Problem to work on
Please quote exactly the opening lines of the data, from the first line to the one where "doc.units = ezdxf.units.MM" appears.

Given entries
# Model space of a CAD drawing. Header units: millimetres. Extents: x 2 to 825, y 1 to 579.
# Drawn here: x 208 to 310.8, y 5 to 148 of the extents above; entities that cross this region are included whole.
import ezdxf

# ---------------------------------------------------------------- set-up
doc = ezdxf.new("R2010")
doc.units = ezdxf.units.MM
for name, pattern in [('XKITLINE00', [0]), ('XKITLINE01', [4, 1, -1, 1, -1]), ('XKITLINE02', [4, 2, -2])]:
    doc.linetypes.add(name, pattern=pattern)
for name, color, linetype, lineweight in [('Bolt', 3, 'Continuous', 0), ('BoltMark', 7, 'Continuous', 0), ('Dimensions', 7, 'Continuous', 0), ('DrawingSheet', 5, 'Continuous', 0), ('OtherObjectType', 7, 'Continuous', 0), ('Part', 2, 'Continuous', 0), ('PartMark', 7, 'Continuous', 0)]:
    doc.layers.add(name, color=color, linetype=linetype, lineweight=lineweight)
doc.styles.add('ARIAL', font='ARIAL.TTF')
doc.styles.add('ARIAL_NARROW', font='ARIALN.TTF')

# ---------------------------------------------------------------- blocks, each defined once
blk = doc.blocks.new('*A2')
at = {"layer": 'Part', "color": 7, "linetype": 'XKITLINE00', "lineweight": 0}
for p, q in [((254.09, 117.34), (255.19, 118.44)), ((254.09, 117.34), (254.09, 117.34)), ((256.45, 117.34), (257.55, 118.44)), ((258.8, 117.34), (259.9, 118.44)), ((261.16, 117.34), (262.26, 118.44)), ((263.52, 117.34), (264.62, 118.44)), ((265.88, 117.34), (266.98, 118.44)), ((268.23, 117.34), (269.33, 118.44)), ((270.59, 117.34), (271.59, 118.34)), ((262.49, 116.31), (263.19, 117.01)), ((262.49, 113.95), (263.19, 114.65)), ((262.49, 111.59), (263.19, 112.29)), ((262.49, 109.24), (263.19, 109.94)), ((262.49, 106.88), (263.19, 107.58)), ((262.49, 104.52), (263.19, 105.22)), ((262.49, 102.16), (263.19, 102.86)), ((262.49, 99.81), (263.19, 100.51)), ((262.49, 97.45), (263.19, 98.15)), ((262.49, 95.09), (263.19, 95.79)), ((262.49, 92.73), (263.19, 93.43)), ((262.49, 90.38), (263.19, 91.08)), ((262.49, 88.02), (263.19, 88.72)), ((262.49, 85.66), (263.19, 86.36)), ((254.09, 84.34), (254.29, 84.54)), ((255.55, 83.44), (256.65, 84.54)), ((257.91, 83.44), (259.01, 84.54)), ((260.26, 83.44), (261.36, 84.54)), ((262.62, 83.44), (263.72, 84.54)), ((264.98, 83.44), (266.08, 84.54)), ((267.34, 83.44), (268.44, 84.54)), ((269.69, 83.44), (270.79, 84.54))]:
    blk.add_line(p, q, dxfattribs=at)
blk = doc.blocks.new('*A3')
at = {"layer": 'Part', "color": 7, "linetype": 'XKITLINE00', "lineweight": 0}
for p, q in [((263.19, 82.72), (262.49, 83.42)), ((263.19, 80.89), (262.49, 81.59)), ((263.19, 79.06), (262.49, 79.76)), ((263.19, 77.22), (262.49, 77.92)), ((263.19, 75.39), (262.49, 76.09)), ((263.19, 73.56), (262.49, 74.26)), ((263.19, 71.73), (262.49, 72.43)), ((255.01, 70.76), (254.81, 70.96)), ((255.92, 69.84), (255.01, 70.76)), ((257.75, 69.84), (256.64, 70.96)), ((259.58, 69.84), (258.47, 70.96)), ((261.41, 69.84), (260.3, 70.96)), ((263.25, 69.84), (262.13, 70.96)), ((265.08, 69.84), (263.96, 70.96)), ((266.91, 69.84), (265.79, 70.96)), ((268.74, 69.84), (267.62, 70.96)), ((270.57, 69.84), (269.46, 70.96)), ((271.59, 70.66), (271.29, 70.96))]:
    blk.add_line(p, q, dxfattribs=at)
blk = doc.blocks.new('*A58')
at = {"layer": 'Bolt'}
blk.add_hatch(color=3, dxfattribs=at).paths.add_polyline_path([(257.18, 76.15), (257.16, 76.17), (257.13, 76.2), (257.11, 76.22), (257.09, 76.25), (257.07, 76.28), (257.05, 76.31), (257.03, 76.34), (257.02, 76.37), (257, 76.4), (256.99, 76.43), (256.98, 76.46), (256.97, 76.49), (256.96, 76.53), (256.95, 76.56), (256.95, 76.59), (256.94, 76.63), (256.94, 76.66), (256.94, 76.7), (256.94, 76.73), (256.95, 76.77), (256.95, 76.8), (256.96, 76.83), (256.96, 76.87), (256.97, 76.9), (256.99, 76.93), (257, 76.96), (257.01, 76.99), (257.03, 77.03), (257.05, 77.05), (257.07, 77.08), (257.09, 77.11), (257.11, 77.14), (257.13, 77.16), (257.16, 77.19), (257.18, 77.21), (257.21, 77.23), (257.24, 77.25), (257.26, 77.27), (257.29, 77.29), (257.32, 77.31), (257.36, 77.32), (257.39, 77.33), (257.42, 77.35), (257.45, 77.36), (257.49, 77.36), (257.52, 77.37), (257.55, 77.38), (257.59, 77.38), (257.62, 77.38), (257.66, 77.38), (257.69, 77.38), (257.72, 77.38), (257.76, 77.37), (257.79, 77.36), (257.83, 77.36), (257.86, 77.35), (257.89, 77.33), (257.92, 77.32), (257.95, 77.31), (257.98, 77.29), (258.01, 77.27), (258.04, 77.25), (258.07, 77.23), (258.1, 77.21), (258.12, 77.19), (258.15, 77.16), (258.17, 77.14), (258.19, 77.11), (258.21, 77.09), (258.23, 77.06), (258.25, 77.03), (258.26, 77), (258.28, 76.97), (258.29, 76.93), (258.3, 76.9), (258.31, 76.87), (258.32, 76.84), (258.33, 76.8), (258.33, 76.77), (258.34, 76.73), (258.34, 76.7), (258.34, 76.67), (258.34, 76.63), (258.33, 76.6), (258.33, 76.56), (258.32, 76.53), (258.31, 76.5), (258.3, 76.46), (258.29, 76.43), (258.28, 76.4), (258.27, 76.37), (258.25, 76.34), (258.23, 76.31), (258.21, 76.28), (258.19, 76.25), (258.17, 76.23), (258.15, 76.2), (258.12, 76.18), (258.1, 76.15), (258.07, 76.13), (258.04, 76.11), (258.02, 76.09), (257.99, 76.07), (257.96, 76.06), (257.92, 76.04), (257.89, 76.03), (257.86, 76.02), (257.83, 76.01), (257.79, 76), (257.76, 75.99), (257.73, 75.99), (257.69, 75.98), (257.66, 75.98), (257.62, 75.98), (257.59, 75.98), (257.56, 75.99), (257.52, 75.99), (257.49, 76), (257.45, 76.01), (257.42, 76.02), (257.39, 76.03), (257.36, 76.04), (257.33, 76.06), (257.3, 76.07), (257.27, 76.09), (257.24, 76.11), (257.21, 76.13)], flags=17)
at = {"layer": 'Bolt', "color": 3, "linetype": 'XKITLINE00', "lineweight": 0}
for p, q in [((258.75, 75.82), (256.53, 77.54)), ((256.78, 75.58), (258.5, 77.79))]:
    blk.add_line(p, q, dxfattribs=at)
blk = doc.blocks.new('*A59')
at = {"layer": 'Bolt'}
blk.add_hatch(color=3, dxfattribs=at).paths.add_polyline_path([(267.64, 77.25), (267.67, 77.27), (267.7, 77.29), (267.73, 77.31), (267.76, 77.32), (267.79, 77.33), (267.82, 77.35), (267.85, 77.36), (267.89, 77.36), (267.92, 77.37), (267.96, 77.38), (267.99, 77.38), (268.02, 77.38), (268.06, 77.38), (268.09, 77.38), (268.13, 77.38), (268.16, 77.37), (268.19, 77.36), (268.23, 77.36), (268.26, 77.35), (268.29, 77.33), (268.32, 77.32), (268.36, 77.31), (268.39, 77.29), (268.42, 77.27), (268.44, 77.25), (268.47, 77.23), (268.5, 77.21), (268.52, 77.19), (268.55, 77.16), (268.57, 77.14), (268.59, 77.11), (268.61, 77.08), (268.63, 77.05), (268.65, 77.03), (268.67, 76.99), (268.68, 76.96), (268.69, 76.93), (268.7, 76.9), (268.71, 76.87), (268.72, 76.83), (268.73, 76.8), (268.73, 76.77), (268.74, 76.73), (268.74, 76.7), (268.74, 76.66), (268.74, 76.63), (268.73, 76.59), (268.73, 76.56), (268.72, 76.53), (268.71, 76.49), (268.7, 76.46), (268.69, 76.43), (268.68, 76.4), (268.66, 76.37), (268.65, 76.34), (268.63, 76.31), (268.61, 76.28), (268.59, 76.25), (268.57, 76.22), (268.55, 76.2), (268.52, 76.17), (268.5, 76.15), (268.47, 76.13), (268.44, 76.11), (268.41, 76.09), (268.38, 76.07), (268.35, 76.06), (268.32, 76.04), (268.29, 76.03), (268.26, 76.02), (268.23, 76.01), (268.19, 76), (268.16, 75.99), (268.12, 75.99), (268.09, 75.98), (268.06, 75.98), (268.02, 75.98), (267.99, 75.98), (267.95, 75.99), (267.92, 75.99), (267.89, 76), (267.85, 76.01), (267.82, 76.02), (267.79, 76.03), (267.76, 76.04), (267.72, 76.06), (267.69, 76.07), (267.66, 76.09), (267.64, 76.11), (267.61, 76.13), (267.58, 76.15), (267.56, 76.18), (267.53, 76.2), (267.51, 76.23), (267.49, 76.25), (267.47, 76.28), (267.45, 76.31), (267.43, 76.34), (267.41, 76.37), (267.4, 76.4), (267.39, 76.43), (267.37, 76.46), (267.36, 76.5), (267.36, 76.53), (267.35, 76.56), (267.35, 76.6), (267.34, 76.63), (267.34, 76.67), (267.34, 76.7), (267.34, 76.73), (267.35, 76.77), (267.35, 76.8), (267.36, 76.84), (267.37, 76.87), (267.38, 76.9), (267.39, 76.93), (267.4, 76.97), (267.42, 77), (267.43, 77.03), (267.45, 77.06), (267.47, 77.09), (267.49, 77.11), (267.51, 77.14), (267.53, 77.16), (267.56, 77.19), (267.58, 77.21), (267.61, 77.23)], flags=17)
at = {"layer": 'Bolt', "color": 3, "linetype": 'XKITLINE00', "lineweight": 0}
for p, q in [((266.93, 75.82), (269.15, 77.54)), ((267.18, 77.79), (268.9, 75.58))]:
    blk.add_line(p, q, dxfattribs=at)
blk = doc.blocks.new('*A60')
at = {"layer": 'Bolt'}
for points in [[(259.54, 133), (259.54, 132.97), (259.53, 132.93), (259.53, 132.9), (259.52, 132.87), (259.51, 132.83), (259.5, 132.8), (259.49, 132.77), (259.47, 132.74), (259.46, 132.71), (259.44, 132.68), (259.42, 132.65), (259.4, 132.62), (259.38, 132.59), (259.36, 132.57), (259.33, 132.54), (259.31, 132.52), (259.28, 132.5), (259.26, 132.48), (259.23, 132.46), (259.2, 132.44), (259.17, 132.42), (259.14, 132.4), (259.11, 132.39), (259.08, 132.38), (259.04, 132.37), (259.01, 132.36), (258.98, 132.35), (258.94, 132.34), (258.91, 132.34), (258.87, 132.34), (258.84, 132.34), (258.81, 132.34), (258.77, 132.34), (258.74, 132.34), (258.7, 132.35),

Written solution
# Model space of a CAD drawing. Header units: millimetres. Extents: x 2 to 825, y 1 to 579.
# Drawn here: x 208 to 310.8, y 5 to 148 of the extents above; entities that cross this region are included whole.
import ezdxf

# ---------------------------------------------------------------- set-up
doc = ezdxf.new("R2010")
doc.units = ezdxf.units.MM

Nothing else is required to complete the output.